=== Problem statement ===
Scan the entries below for the word "RelTol". Copy each line that has it.

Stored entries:
#####

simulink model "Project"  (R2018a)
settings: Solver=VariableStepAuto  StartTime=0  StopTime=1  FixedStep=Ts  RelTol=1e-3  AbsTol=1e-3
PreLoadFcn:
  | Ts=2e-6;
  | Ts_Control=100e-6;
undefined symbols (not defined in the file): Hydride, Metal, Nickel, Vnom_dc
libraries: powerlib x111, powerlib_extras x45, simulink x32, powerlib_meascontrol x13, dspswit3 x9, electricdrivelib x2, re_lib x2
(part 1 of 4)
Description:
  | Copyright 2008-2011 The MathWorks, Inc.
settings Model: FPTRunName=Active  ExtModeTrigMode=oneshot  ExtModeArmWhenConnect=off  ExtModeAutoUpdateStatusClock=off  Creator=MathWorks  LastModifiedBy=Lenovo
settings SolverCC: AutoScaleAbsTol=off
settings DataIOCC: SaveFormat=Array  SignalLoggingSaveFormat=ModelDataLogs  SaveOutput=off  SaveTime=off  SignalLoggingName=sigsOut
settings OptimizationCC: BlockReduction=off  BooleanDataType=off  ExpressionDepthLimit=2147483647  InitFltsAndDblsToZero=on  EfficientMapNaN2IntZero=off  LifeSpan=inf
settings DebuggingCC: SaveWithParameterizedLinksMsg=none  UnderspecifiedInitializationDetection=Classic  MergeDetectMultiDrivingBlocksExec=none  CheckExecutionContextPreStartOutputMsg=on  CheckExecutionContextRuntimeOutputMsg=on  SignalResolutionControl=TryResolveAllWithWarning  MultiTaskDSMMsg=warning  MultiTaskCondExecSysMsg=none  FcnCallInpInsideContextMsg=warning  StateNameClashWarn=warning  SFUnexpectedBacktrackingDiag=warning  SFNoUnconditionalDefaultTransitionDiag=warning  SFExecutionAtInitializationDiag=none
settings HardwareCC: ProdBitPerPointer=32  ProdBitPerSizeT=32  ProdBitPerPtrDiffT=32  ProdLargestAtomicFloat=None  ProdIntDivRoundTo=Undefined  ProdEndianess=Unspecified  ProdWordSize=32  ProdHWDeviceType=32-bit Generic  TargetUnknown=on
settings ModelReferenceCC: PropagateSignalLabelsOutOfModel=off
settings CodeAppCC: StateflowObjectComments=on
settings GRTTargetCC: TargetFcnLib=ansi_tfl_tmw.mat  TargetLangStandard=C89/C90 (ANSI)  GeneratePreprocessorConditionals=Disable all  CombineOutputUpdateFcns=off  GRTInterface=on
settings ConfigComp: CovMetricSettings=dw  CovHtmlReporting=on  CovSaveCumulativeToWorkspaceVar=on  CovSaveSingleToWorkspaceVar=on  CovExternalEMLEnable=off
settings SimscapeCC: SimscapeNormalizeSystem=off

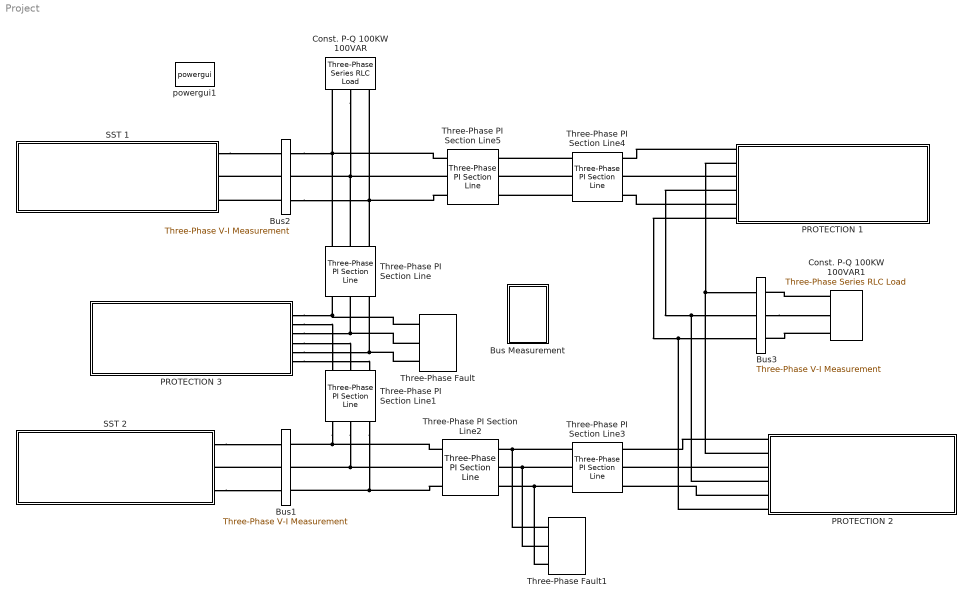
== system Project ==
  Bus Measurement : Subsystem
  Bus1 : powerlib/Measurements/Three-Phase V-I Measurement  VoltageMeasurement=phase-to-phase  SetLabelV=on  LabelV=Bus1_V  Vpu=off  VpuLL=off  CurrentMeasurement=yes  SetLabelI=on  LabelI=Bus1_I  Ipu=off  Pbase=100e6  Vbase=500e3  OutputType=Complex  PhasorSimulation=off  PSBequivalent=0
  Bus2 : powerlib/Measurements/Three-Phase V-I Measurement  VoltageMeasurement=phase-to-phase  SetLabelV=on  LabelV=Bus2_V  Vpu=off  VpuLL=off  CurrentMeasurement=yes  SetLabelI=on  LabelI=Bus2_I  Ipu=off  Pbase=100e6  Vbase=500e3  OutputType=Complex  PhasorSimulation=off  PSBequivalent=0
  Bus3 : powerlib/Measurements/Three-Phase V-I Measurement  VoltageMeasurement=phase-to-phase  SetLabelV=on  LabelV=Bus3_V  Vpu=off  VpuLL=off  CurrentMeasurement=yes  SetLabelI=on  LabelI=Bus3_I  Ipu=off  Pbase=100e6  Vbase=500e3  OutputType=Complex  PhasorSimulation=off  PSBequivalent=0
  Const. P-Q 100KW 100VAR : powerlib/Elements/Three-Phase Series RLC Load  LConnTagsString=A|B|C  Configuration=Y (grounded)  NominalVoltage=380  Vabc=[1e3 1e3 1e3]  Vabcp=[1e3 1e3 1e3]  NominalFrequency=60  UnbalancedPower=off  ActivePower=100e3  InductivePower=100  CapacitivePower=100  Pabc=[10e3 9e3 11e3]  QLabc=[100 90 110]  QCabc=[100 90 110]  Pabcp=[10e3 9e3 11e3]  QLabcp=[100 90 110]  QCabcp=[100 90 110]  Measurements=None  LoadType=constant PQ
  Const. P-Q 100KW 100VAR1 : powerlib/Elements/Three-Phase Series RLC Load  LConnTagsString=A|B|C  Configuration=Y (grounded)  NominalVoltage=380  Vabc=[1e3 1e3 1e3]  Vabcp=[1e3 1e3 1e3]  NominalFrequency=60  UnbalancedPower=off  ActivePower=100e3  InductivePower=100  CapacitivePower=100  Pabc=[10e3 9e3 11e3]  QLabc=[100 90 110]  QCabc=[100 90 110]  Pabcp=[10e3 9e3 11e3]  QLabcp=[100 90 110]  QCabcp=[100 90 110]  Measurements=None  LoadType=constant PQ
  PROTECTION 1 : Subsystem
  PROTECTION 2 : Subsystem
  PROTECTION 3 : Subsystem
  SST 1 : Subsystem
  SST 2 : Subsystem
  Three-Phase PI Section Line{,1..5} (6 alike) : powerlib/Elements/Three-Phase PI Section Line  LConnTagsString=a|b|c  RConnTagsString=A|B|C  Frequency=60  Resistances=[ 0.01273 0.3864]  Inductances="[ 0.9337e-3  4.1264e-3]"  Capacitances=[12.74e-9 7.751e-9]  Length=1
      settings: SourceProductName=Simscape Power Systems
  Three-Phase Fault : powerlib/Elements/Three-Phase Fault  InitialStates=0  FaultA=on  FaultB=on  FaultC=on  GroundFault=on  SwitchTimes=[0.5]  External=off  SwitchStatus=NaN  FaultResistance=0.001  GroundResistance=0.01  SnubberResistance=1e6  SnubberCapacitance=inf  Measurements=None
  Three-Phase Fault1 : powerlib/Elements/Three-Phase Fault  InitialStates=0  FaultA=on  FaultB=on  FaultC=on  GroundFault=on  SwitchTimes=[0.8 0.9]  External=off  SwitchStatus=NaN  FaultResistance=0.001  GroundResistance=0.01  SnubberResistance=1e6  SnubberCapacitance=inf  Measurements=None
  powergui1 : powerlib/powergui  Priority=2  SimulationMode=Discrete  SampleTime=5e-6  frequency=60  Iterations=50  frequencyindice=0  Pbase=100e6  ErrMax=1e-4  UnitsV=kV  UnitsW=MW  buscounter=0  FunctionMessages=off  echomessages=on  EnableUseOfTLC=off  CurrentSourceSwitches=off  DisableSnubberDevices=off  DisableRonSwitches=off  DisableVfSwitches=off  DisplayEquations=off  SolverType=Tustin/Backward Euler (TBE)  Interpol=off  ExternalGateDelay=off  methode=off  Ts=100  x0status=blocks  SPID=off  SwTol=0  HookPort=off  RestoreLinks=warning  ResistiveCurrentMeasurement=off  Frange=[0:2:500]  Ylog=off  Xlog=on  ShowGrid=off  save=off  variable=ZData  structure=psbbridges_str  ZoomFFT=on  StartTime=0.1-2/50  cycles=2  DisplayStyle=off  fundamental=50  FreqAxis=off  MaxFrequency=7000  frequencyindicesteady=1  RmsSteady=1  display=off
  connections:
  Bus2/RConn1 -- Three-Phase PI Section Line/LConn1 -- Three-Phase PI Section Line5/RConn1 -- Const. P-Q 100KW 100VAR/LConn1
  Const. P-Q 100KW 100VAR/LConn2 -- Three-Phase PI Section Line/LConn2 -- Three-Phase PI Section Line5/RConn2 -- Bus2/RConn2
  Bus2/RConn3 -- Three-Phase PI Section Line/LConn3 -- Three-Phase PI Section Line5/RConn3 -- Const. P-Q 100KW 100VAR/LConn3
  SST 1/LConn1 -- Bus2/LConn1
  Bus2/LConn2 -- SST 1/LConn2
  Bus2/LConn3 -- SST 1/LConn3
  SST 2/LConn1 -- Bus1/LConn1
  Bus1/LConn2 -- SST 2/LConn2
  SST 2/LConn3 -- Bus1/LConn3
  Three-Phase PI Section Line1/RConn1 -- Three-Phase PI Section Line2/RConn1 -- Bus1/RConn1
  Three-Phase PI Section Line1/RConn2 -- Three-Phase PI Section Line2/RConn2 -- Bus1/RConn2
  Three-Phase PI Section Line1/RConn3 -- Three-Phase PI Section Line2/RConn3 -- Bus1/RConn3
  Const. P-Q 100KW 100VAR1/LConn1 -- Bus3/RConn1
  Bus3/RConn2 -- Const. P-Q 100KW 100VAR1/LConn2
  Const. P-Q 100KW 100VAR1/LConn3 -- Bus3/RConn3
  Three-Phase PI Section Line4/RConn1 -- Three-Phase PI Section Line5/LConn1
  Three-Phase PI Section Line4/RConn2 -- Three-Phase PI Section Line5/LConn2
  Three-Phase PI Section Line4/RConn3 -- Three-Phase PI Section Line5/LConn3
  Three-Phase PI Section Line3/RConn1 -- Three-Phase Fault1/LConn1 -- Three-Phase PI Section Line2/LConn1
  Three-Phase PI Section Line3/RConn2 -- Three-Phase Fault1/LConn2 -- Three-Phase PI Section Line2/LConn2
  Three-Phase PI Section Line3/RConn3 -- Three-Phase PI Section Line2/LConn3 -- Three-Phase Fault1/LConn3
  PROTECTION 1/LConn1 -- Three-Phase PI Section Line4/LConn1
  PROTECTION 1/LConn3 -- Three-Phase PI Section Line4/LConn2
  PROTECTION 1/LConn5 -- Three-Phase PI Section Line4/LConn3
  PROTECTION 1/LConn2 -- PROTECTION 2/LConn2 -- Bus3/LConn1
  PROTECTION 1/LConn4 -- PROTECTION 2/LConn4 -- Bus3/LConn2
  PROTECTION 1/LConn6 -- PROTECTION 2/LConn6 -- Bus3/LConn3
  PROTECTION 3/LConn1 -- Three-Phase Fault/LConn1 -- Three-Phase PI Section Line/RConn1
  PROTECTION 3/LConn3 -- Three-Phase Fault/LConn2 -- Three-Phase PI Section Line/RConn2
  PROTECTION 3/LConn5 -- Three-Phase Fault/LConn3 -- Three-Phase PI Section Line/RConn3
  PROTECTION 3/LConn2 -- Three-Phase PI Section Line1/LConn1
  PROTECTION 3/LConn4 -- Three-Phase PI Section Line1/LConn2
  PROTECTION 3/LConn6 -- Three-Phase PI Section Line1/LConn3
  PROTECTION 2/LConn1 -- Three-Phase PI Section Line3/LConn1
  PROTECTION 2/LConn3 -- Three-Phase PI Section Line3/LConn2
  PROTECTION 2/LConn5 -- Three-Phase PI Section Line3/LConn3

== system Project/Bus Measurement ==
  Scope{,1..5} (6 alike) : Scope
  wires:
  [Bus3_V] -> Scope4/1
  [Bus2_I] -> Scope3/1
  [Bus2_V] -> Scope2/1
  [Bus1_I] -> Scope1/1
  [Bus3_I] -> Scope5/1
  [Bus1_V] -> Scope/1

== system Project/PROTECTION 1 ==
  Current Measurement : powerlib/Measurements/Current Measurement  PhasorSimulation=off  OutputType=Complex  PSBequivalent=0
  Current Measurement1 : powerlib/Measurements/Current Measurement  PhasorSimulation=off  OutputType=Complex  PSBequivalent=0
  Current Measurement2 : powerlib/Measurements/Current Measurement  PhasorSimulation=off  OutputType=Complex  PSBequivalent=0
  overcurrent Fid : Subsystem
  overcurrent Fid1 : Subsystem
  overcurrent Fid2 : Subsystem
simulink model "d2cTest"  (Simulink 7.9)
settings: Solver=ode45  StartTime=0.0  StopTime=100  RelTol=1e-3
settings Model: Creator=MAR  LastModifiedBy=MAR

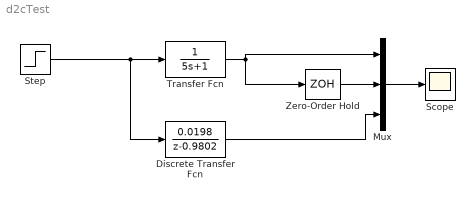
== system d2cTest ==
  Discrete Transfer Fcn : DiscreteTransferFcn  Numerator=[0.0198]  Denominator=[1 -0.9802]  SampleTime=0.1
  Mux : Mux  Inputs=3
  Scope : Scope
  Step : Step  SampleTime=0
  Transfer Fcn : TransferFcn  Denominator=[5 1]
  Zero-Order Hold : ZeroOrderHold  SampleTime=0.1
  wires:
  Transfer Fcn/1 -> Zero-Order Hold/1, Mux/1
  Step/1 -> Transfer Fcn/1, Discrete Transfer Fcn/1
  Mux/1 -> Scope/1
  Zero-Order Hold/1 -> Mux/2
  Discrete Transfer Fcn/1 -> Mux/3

#####

=== Answer to this task ===
settings: Solver=VariableStepAuto  StartTime=0  StopTime=1  FixedStep=Ts  RelTol=1e-3  AbsTol=1e-3
settings: Solver=ode45  StartTime=0.0  StopTime=100  RelTol=1e-3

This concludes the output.